PROMPT: Scan the entries for the word "cdsFilt", and copy every line where it appears.

(Extracted data entries)
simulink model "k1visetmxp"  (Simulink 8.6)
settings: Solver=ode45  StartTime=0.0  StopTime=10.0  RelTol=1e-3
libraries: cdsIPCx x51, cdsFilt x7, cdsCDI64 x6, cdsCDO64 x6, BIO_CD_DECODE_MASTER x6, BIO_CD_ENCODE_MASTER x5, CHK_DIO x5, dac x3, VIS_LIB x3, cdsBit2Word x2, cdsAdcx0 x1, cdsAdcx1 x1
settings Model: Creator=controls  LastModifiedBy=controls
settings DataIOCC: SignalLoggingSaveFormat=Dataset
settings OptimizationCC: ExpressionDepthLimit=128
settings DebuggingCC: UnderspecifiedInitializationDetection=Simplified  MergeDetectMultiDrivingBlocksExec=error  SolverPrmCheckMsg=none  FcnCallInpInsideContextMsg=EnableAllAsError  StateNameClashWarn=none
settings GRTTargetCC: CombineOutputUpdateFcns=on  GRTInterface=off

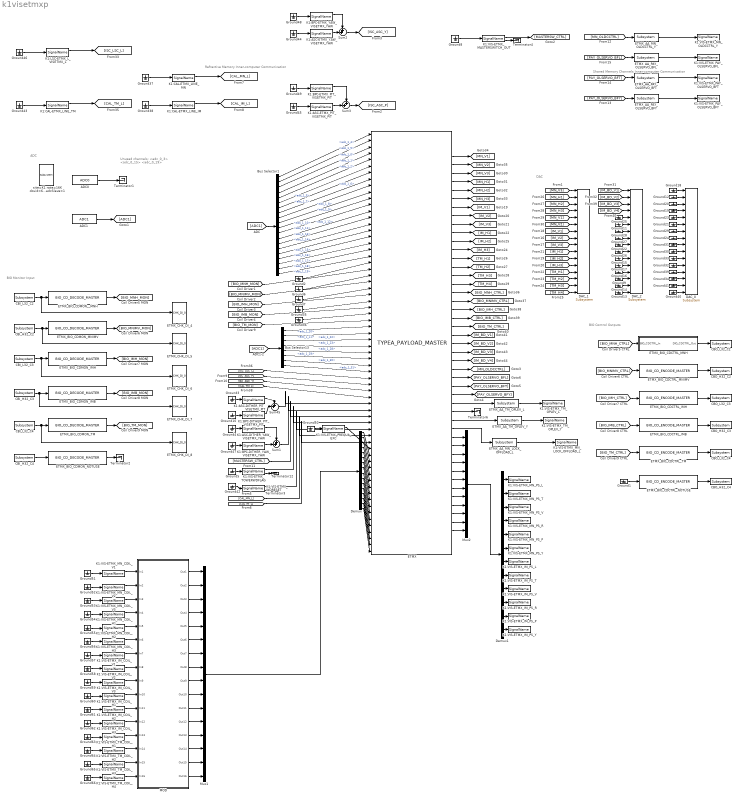
== system k1visetmxp ==
  note: BIO Monitor Input
  note: BIO Control Outputs
  note: DAC
  note: ADC
  note: Refrective Memory
      | Inner-computer Communication
  note: Unused channels:
      | <adc_0_3>
      | <adc_0_15>
      | <adc_0_19>
  note: Shared Memory Channels
      | Inner-computer Communication
  ADC0 : cdsAdcx0/ADC0  Tag=cdsAdc  Description=|
      | type-GSC_16AI64SSA
      | card_num=0
      settings: AttributesFormatString=%<Description>\n%<Tag>
  ADC1 : cdsAdcx1/ADC1  Tag=cdsAdc  Description=|
      | type-GSC_16AI64SSA
      | card_num=1
      settings: AttributesFormatString=%<Description>\n%<Tag>
  Bus Selector1 : BusSelector  OutputSignals=adc_1_4,adc_1_5,adc_1_0,adc_1_1,adc_1_2,adc_1_3,adc_1_6,adc_1_7,adc_1_8,adc_1_9,adc_1_10,adc_1_11,adc_1_12,adc_1_13,adc_1_14,adc_1_15,adc_1_16,adc_1_17,adc_1_18,adc_1_19
  Bus Selector13 : BusSelector  OutputSignals=adc_1_20,adc_1_21,adc_1_22,adc_1_23,adc_1_28,adc_1_29,adc_1_30,adc_1_31
  CBI_H32_C2 : cdsCDI64/Subsystem  Tag=cdsCDI64  Description=card_num=5
      settings: AttributesFormatString=%<Tag>\n%<Description>
  CBI_H32_C3 : cdsCDI64/Subsystem  Tag=cdsCDI64  Description=card_num=7
      settings: AttributesFormatString=%<Tag>\n%<Description>
  CBI_H32_C4 : cdsCDI64/Subsystem  Tag=cdsCDI64  Description=card_num=9
      settings: AttributesFormatString=%<Tag>\n%<Description>
  CBI_L32_C2 : cdsCDI64/Subsystem  Tag=cdsCDI64  Description=card_num=4
      settings: AttributesFormatString=%<Tag>\n%<Description>
  CBI_L32_C3 : cdsCDI64/Subsystem  Tag=cdsCDI64  Description=card_num=6
      settings: AttributesFormatString=%<Tag>\n%<Description>
  CBI_L32_C4 : cdsCDI64/Subsystem  Tag=cdsCDI64  Description=card_num=8
      settings: AttributesFormatString=%<Tag>\n%<Description>
  CBO_H32_C2 : cdsCDO64/Subsystem  Tag=cdsCDO64  Description=card_num=5
      settings: AttributesFormatString=%<Tag>\n%<Description>
  CBO_H32_C3 : cdsCDO64/Subsystem  Tag=cdsCDO64  Description=card_num=7
      settings: AttributesFormatString=%<Tag>\n%<Description>
  CBO_H32_C4 : cdsCDO64/Subsystem  Tag=cdsCDO64  Description=card_num=9
      settings: AttributesFormatString=%<Tag>\n%<Description>
  CBO_L32_C2 : cdsCDO64/Subsystem  Tag=cdsCDO64  Description=card_num=4
      settings: AttributesFormatString=%<Tag>\n%<Description>
  CBO_L32_C3 : cdsCDO64/Subsystem  Tag=cdsCDO64  Description=card_num=6
      settings: AttributesFormatString=%<Tag>\n%<Description>
  CBO_L32_C4 : cdsCDO64/Subsystem  Tag=cdsCDO64  Description=card_num=8
      settings: AttributesFormatString=%<Tag>\n%<Description>
  DAC_0 : dac/Subsystem  Description=|
      | type=GSC_16AO16,
      | card_num=0
      settings: AttributesFormatString=%<Description>
  DAC_1 : dac/Subsystem  Description=|
      | type=GSC_16AO16,
      | card_num=1
      settings: AttributesFormatString=%<Description>
  DAC_2 : dac/Subsystem  Description=|
      | type=GSC_16AO16,
      | card_num=2
      settings: AttributesFormatString=%<Description>
  Demux : Demux  Outputs=16
  Demux1 : Demux  Outputs=12
  ETMX : TYPEA_MASTER/TYPEA_PAYLOAD_MASTER
  ETMX_AA_MN_LOCK_OFFLOAD_L : cdsFilt/Subsystem  Tag=cdsFilt  Description=|
      | Purpose:                                                                                                                                                                                                                                  
      | Standard CDS IIR filter module.                                                                                                                                                                                                           
      |                                                                                                                                                                                                                                           
      | Operation:                                                                                                                                                                                                                                
      | Consists of 10 second order section IIR filters, plus a ramped gain stage. In FE code, also provides pre-defined test points and excitation channel inputs. The filter coefficients are defined in the LIGO system using the 'foton' tool.
      |                                                                                                                                                                                                                                           
      | Usage:                                                                                                                                                                                                                                    
      | Name the part with the desired filter module name.
      settings: AttributesFormatString=%<Tag>
  ETMX_AA_MN_OLDCCTRL_Y : cdsFilt/Subsystem  Tag=cdsFilt  Description=|
      | Purpose:                                                                                                                                                                                                                                  
      | Standard CDS IIR filter module.                                                                                                                                                                                                           
      |                                                                                                                                                                                                                                           
      | Operation:                                                                                                                                                                                                                                
      | Consists of 10 second order section IIR filters, plus a ramped gain stage. In FE code, also provides pre-defined test points and excitation channel inputs. The filter coefficients are defined in the LIGO system using the 'foton' tool.
      |                                                                                                                                                                                                                                           
      | Usage:                                                                                                                                                                                                                                    
      | Name the part with the desired filter module name.
      settings: AttributesFormatString=%<Tag>
  ETMX_AA_PAY_OLSERVO_BFL : cdsFilt/Subsystem  Tag=cdsFilt  Description=|
      | Purpose:                                                                                                                                                                                                                                  
      | Standard CDS IIR filter module.                                                                                                                                                                                                           
      |                                                                                                                                                                                                                                           
      | Operation:                                                                                                                                                                                                                                
      | Consists of 10 second order section IIR filters, plus a ramped gain stage. In FE code, also provides pre-defined test points and excitation channel inputs. The filter coefficients are defined in the LIGO system using the 'foton' tool.
      |                                                                                                                                                                                                                                           
      | Usage:                                                                                                                                                                                                                                    
      | Name the part with the desired filter module name.
      settings: AttributesFormatString=%<Tag>
  ETMX_AA_PAY_OLSERVO_BFT : cdsFilt/Subsystem  Tag=cdsFilt  Description=|
      | Purpose:                                                                                                                                                                                                                                  
      | Standard CDS IIR filter module.                                                                                                                                                                                                           
      |                                                                                                                                                                                                                                           
      | Operation:                                                                                                                                                                                                                                
      | Consists of 10 second order section IIR filters, plus a ramped gain stage. In FE code, also provides pre-defined test points and excitation channel inputs. The filter coefficients are defined in the LIGO system using the 'foton' tool.
      |                                                                                                                                                                                                                                           
      | Usage:                                                                                                                                                                                                                                    
      | Name the part with the desired filter module name.
      settings: AttributesFormatString=%<Tag>
  ETMX_AA_PAY_OLSERVO_BFY : cdsFilt/Subsystem  Tag=cdsFilt  Description=|
      | Purpose:                                                                                                                                                                                                                                  
      | Standard CDS IIR filter module.                                                                                                                                                                                                           
      |                                                                                                                                                                                                                                           
      | Operation:                                                                                                                                                                                                                                
      | Consists of 10 second order section IIR filters, plus a ramped gain stage. In FE code, also provides pre-defined test points and excitation channel inputs. The filter coefficients are defined in the LIGO system using the 'foton' tool.
      |                                                                                                                                                                                                                                           
      | Usage:                                                                                                                                                                                                                                    
      | Name the part with the desired filter module name.
      settings: AttributesFormatString=%<Tag>
  ETMX_AA_TM_OPLEV_L : cdsFilt/Subsystem  Tag=cdsFilt  Description=|
      | Purpose:                                                                                                                                                                                                                                  
      | Standard CDS IIR filter module.                                                                                                                                                                                                           
      |                                                                                                                                                                                                                                           
      | Operation:                                                                                                                                                                                                                                
      | Consists of 10 second order section IIR filters, plus a ramped gain stage. In FE code, also provides pre-defined test points and excitation channel inputs. The filter coefficients are defined in the LIGO system using the 'foton' tool.
      |                                                                                                                                                                                                                                           
      | Usage:                                                                                                                                                                                                                                    
      | Name the part with the desired filter module name.
      settings: AttributesFormatString=%<Tag>
  ETMX_AA_TM_OPLEV_Y : cdsFilt/Subsystem  Tag=cdsFilt  Description=|
      | Purpose:                                                                                                                                                                                                                                  
      | Standard CDS IIR filter module.                                                                                                                                                                                                           
      |                                                                                                                                                                                                                                           
      | Operation:                                                                                                                                                                                                                                
      | Consists of 10 second order section IIR filters, plus a ramped gain stage. In FE code, also provides pre-defined test points and excitation channel inputs. The filter coefficients are defined in the LIGO system using the 'foton' tool.
      |                                                                                                                                                                                                                                           
      | Usage:                                                                                                                                                                                                                                    
      | Name the part with the desired filter module name.
      settings: AttributesFormatString=%<Tag>
  ETMX_BIO_CDCTRL_IMB : BIO_CD_ENCODE_MASTER/BIO_CD_ENCODE_MASTER
  ETMX_BIO_CDCTRL_IMH : BIO_CD_ENCODE_MASTER/BIO_CD_ENCODE_MASTER
  ETMX_BIO_CDCTRL_MNH : Subsystem
  ETMX_BIO_CDCTRL_MNIMV : BIO_CD_ENCODE_MASTER/BIO_CD_ENCODE_MASTER
  ETMX_BIO_CDCTRL_NOTUSE : BIO_CD_ENCODE_MASTER/BIO_CD_ENCODE_MASTER
  ETMX_BIO_CDCTRL_TM : BIO_CD_ENCODE_MASTER/BIO_CD_ENCODE_MASTER
  ETMX_BIO_CDMON_IMB : BIO_CD_DECODE_MASTER/BIO_CD_DECODE_MASTER
  ETMX_BIO_CDMON_IMH : BIO_CD_DECODE_MASTER/BIO_CD_DECODE_MASTER
  ETMX_BIO_CDMON_MNIMV : BIO_CD_DECODE_MASTER/BIO_CD_DECODE_MASTER
  ETMX_BIO_CDMON_NOTUSE : BIO_CD_DECODE_MASTER/BIO_CD_DECODE_MASTER
  ETMX_BIO_CDMON_TM : BIO_CD_DECODE_MASTER/BIO_CD_DECODE_MASTER
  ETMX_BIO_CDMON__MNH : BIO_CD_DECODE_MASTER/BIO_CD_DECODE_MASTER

TASK OUTPUT:
libraries: cdsIPCx x51, cdsFilt x7, cdsCDI64 x6, cdsCDO64 x6, BIO_CD_DECODE_MASTER x6, BIO_CD_ENCODE_MASTER x5, CHK_DIO x5, dac x3, VIS_LIB x3, cdsBit2Word x2, cdsAdcx0 x1, cdsAdcx1 x1
  ETMX_AA_MN_LOCK_OFFLOAD_L : cdsFilt/Subsystem  Tag=cdsFilt  Description=|
  ETMX_AA_MN_OLDCCTRL_Y : cdsFilt/Subsystem  Tag=cdsFilt  Description=|
  ETMX_AA_PAY_OLSERVO_BFL : cdsFilt/Subsystem  Tag=cdsFilt  Description=|
  ETMX_AA_PAY_OLSERVO_BFT : cdsFilt/Subsystem  Tag=cdsFilt  Description=|
  ETMX_AA_PAY_OLSERVO_BFY : cdsFilt/Subsystem  Tag=cdsFilt  Description=|
  ETMX_AA_TM_OPLEV_L : cdsFilt/Subsystem  Tag=cdsFilt  Description=|
  ETMX_AA_TM_OPLEV_Y : cdsFilt/Subsystem  Tag=cdsFilt  Description=|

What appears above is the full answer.